Define access_control rules specifying domain patterns, resource paths, and policies. Use subject filters for user or group matching, networks array for IP-based rules, and policy values (bypass, one_factor, two_factor). Order matters—first matching rule applies, so place specific rules before catch-all rules.
Configure session management settings including name, secret for encryption, expiration duration, inactivity timeout, and remember_me duration. Set domain to parent domain for SSO across subdomains. Configure Redis connection for distributed session storage in clustered deployments.

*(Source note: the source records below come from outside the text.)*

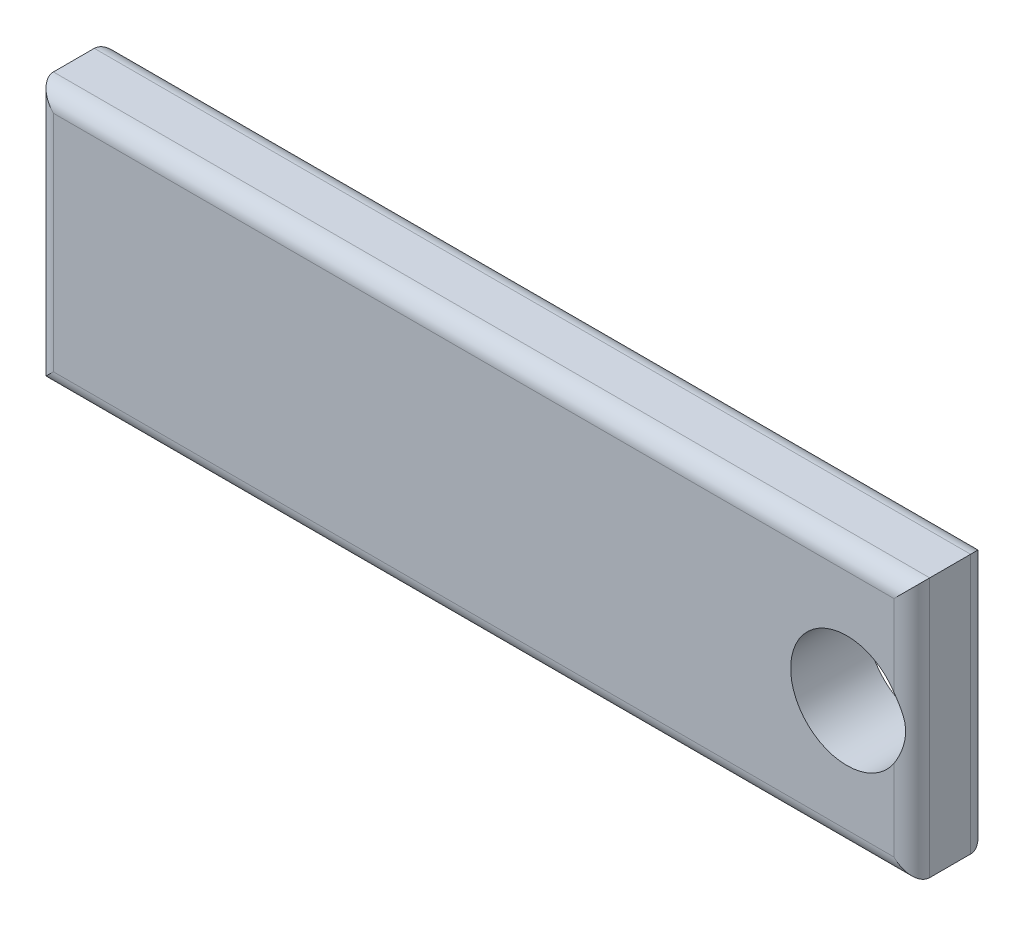
ISO-10303-21;
HEADER;
FILE_DESCRIPTION(('STEP AP214'),'2;1');
FILE_NAME('part.step','',(''),(''),'','','');
FILE_SCHEMA(('AUTOMOTIVE_DESIGN { 1 0 10303 214 1 1 1 1 }'));
ENDSEC;
DATA;
#1=APPLICATION_CONTEXT('core data for automotive mechanical design processes');
#2=APPLICATION_PROTOCOL_DEFINITION('international standard','automotive_design',2000,#1);
#3=PRODUCT_CONTEXT('',#1,'mechanical');
#4=PRODUCT('Part','Part','',(#3));
#5=PRODUCT_RELATED_PRODUCT_CATEGORY('part','',(#4));
#6=PRODUCT_DEFINITION_FORMATION('','',#4);
#7=PRODUCT_DEFINITION_CONTEXT('part definition',#1,'design');
#8=PRODUCT_DEFINITION('design','',#6,#7);
#9=PRODUCT_DEFINITION_SHAPE('','',#8);
#10=(LENGTH_UNIT() NAMED_UNIT(*) SI_UNIT(.MILLI.,.METRE.));
#11=(NAMED_UNIT(*) PLANE_ANGLE_UNIT() SI_UNIT($,.RADIAN.));
#12=(NAMED_UNIT(*) SI_UNIT($,.STERADIAN.) SOLID_ANGLE_UNIT());
#13=UNCERTAINTY_MEASURE_WITH_UNIT(LENGTH_MEASURE(1.E-05),#10,'distance_accuracy_value','');
#14=(GEOMETRIC_REPRESENTATION_CONTEXT(3) GLOBAL_UNCERTAINTY_ASSIGNED_CONTEXT((#13)) GLOBAL_UNIT_ASSIGNED_CONTEXT((#10,
#11,#12)) REPRESENTATION_CONTEXT('',''));
#15=CARTESIAN_POINT('',(0.,0.,0.));
#16=DIRECTION('',(0.,0.,1.));
#17=DIRECTION('',(1.,0.,0.));
#18=AXIS2_PLACEMENT_3D('',#15,#16,#17);
#19=CARTESIAN_POINT('',(0.,0.,3.));
#20=DIRECTION('',(0.,0.,1.));
#21=DIRECTION('',(1.,0.,0.));
#22=AXIS2_PLACEMENT_3D('',#19,#20,#21);
#23=PLANE('',#22);
#24=DIRECTION('',(1.,0.,0.));
#25=VECTOR('',#24,1.);
#26=CARTESIAN_POINT('',(34.29,0.7,3.));
#27=LINE('',#26,#25);
#28=CARTESIAN_POINT('',(0.7,0.7,3.));
#29=VERTEX_POINT('',#28);
#30=CARTESIAN_POINT('',(33.59,0.7,3.));
#31=VERTEX_POINT('',#30);
#32=EDGE_CURVE('E140',#29,#31,#27,.T.);
#33=ORIENTED_EDGE('',*,*,#32,.T.);
#34=DIRECTION('',(0.,1.,0.));
#35=VECTOR('',#34,1.);
#36=CARTESIAN_POINT('',(33.59,10.16,3.));
#37=LINE('',#36,#35);
#38=CARTESIAN_POINT('',(33.59,3.8740149254655,3.));
#39=VERTEX_POINT('',#38);
#40=EDGE_CURVE('E127',#31,#39,#37,.T.);
#41=ORIENTED_EDGE('',*,*,#40,.T.);
#42=CARTESIAN_POINT('',(31.75,5.08,3.));
#43=DIRECTION('',(0.,0.,1.));
#44=DIRECTION('',(1.,0.,0.));
#45=AXIS2_PLACEMENT_3D('',#42,#43,#44);
#46=CIRCLE('',#45,2.2);
#47=CARTESIAN_POINT('',(33.59,6.2859850745345,3.));
#48=VERTEX_POINT('',#47);
#49=EDGE_CURVE('E117',#48,#39,#46,.T.);
#50=ORIENTED_EDGE('',*,*,#49,.F.);
#51=DIRECTION('',(0.,1.,0.));
#52=VECTOR('',#51,1.);
#53=CARTESIAN_POINT('',(33.59,10.16,3.));
#54=LINE('',#53,#52);
#55=CARTESIAN_POINT('',(33.59,9.46,3.));
#56=VERTEX_POINT('',#55);
#57=EDGE_CURVE('E125',#48,#56,#54,.T.);
#58=ORIENTED_EDGE('',*,*,#57,.T.);
#59=DIRECTION('',(-1.,0.,0.));
#60=VECTOR('',#59,1.);
#61=CARTESIAN_POINT('',(0.,9.46,3.));
#62=LINE('',#61,#60);
#63=CARTESIAN_POINT('',(0.7,9.46,3.));
#64=VERTEX_POINT('',#63);
#65=EDGE_CURVE('E137',#56,#64,#62,.T.);
#66=ORIENTED_EDGE('',*,*,#65,.T.);
#67=DIRECTION('',(0.,-1.,0.));
#68=VECTOR('',#67,1.);
#69=CARTESIAN_POINT('',(0.7,0.,3.));
#70=LINE('',#69,#68);
#71=EDGE_CURVE('E136',#64,#29,#70,.T.);
#72=ORIENTED_EDGE('',*,*,#71,.T.);
#73=EDGE_LOOP('',(#33,#41,#50,#58,#66,#72));
#74=FACE_BOUND('',#73,.T.);
#75=ADVANCED_FACE('F32',(#74),#23,.T.);
#76=CARTESIAN_POINT('',(0.,0.,0.));
#77=DIRECTION('',(0.,0.,1.));
#78=DIRECTION('',(1.,0.,0.));
#79=AXIS2_PLACEMENT_3D('',#76,#77,#78);
#80=PLANE('',#79);
#81=CARTESIAN_POINT('',(31.75,5.08,0.));
#82=DIRECTION('',(0.,0.,1.));
#83=DIRECTION('',(1.,0.,0.));
#84=AXIS2_PLACEMENT_3D('',#81,#82,#83);
#85=CIRCLE('',#84,2.2);
#86=CARTESIAN_POINT('',(33.59,6.2859850745345,0.));
#87=VERTEX_POINT('',#86);
#88=CARTESIAN_POINT('',(33.59,3.8740149254655,0.));
#89=VERTEX_POINT('',#88);
#90=EDGE_CURVE('E129',#87,#89,#85,.T.);
#91=ORIENTED_EDGE('',*,*,#90,.T.);
#92=DIRECTION('',(0.,1.,0.));
#93=VECTOR('',#92,1.);
#94=CARTESIAN_POINT('',(33.59,0.,0.));
#95=LINE('',#94,#93);
#96=CARTESIAN_POINT('',(33.59,0.7,0.));
#97=VERTEX_POINT('',#96);
#98=EDGE_CURVE('E163',#89,#97,#95,.F.);
#99=ORIENTED_EDGE('',*,*,#98,.T.);
#100=DIRECTION('',(1.,0.,0.));
#101=VECTOR('',#100,1.);
#102=CARTESIAN_POINT('',(0.,0.7,0.));
#103=LINE('',#102,#101);
#104=CARTESIAN_POINT('',(0.7,0.7,0.));
#105=VERTEX_POINT('',#104);
#106=EDGE_CURVE('E161',#97,#105,#103,.F.);
#107=ORIENTED_EDGE('',*,*,#106,.T.);
#108=DIRECTION('',(0.,-1.,0.));
#109=VECTOR('',#108,1.);
#110=CARTESIAN_POINT('',(0.7,0.,0.));
#111=LINE('',#110,#109);
#112=CARTESIAN_POINT('',(0.7,9.46,0.));
#113=VERTEX_POINT('',#112);
#114=EDGE_CURVE('E158',#105,#113,#111,.F.);
#115=ORIENTED_EDGE('',*,*,#114,.T.);
#116=DIRECTION('',(-1.,0.,0.));
#117=VECTOR('',#116,1.);
#118=CARTESIAN_POINT('',(0.,9.46,0.));
#119=LINE('',#118,#117);
#120=CARTESIAN_POINT('',(33.59,9.46,0.));
#121=VERTEX_POINT('',#120);
#122=EDGE_CURVE('E154',#113,#121,#119,.F.);
#123=ORIENTED_EDGE('',*,*,#122,.T.);
#124=DIRECTION('',(0.,1.,0.));
#125=VECTOR('',#124,1.);
#126=CARTESIAN_POINT('',(33.59,0.,0.));
#127=LINE('',#126,#125);
#128=EDGE_CURVE('E156',#121,#87,#127,.F.);
#129=ORIENTED_EDGE('',*,*,#128,.T.);
#130=EDGE_LOOP('',(#91,#99,#107,#115,#123,#129));
#131=FACE_BOUND('',#130,.T.);
#132=ADVANCED_FACE('F201',(#131),#80,.F.);
#133=CARTESIAN_POINT('',(0.,10.16,3.));
#134=DIRECTION('',(1.,0.,0.));
#135=DIRECTION('',(0.,0.,-1.));
#136=AXIS2_PLACEMENT_3D('',#133,#134,#135);
#137=PLANE('',#136);
#138=DIRECTION('',(0.,0.,-1.));
#139=VECTOR('',#138,1.);
#140=CARTESIAN_POINT('',(0.,0.,3.));
#141=LINE('',#140,#139);
#142=CARTESIAN_POINT('',(0.,0.,2.3));
#143=VERTEX_POINT('',#142);
#144=CARTESIAN_POINT('',(0.,0.,0.7));
#145=VERTEX_POINT('',#144);
#146=EDGE_CURVE('E142',#143,#145,#141,.T.);
#147=ORIENTED_EDGE('',*,*,#146,.F.);
#148=DIRECTION('',(0.,-1.,0.));
#149=VECTOR('',#148,1.);
#150=CARTESIAN_POINT('',(0.,10.16,2.3));
#151=LINE('',#150,#149);
#152=CARTESIAN_POINT('',(0.,10.16,2.3));
#153=VERTEX_POINT('',#152);
#154=EDGE_CURVE('E151',#143,#153,#151,.F.);
#155=ORIENTED_EDGE('',*,*,#154,.T.);
#156=DIRECTION('',(0.,0.,-1.));
#157=VECTOR('',#156,1.);
#158=CARTESIAN_POINT('',(0.,10.16,3.));
#159=LINE('',#158,#157);
#160=CARTESIAN_POINT('',(0.,10.16,0.7));
#161=VERTEX_POINT('',#160);
#162=EDGE_CURVE('E128',#153,#161,#159,.T.);
#163=ORIENTED_EDGE('',*,*,#162,.T.);
#164=DIRECTION('',(0.,-1.,0.));
#165=VECTOR('',#164,1.);
#166=CARTESIAN_POINT('',(0.,10.16,0.7));
#167=LINE('',#166,#165);
#168=EDGE_CURVE('E148',#161,#145,#167,.T.);
#169=ORIENTED_EDGE('',*,*,#168,.T.);
#170=EDGE_LOOP('',(#147,#155,#163,#169));
#171=FACE_BOUND('',#170,.T.);
#172=ADVANCED_FACE('F205',(#171),#137,.F.);
#173=CARTESIAN_POINT('',(0.,0.,3.));
#174=DIRECTION('',(0.,1.,0.));
#175=DIRECTION('',(0.,0.,1.));
#176=AXIS2_PLACEMENT_3D('',#173,#174,#175);
#177=PLANE('',#176);
#178=ORIENTED_EDGE('',*,*,#146,.T.);
#179=DIRECTION('',(1.,0.,0.));
#180=VECTOR('',#179,1.);
#181=CARTESIAN_POINT('',(0.,0.,0.7));
#182=LINE('',#181,#180);
#183=CARTESIAN_POINT('',(34.29,0.,0.7));
#184=VERTEX_POINT('',#183);
#185=EDGE_CURVE('E50',#145,#184,#182,.T.);
#186=ORIENTED_EDGE('',*,*,#185,.T.);
#187=DIRECTION('',(0.,0.,-1.));
#188=VECTOR('',#187,1.);
#189=CARTESIAN_POINT('',(34.29,0.,3.));
#190=LINE('',#189,#188);
#191=CARTESIAN_POINT('',(34.29,0.,2.3));
#192=VERTEX_POINT('',#191);
#193=EDGE_CURVE('E275',#192,#184,#190,.T.);
#194=ORIENTED_EDGE('',*,*,#193,.F.);
#195=DIRECTION('',(1.,0.,0.));
#196=VECTOR('',#195,1.);
#197=CARTESIAN_POINT('',(0.,0.,2.3));
#198=LINE('',#197,#196);
#199=EDGE_CURVE('E236',#192,#143,#198,.F.);
#200=ORIENTED_EDGE('',*,*,#199,.T.);
#201=EDGE_LOOP('',(#178,#186,#194,#200));
#202=FACE_BOUND('',#201,.T.);
#203=ADVANCED_FACE('F216',(#202),#177,.F.);
#204=CARTESIAN_POINT('',(34.29,10.16,3.));
#205=DIRECTION('',(-1.,0.,0.));
#206=DIRECTION('',(0.,0.,1.));
#207=AXIS2_PLACEMENT_3D('',#204,#205,#206);
#208=PLANE('',#207);
#209=ORIENTED_EDGE('',*,*,#193,.T.);
#210=DIRECTION('',(0.,1.,0.));
#211=VECTOR('',#210,1.);
#212=CARTESIAN_POINT('',(34.29,10.16,0.7));
#213=LINE('',#212,#211);
#214=CARTESIAN_POINT('',(34.29,10.16,0.7));
#215=VERTEX_POINT('',#214);
#216=EDGE_CURVE('E122',#184,#215,#213,.T.);
#217=ORIENTED_EDGE('',*,*,#216,.T.);
#218=DIRECTION('',(0.,0.,-1.));
#219=VECTOR('',#218,1.);
#220=CARTESIAN_POINT('',(34.29,10.16,3.));
#221=LINE('',#220,#219);
#222=CARTESIAN_POINT('',(34.29,10.16,2.3));
#223=VERTEX_POINT('',#222);
#224=EDGE_CURVE('E273',#223,#215,#221,.T.);
#225=ORIENTED_EDGE('',*,*,#224,.F.);
#226=DIRECTION('',(0.,1.,0.));
#227=VECTOR('',#226,1.);
#228=CARTESIAN_POINT('',(34.29,0.,2.3));
#229=LINE('',#228,#227);
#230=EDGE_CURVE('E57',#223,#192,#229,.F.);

Best practices include using strong randomly generated secrets for JWT signing and session encryption, configuring HTTPS-only cookies in production, implementing rate limiting on authentication endpoints to prevent brute force attacks, enabling logging with appropriate verbosity for security auditing, defining least-privilege access control policies granting minimum necessary permissions, regularly reviewing audit logs for suspicious authentication attempts, configuring backup MFA methods (email codes) for recovery scenarios when hardware tokens are lost, using separate Authelia instances for different security zones (internal vs public-facing), implementing IP whitelisting for administrative interfaces, and periodic rotation of secrets and encryption keys. Use environment variables for sensitive configuration values rather than hardcoding in YAML files.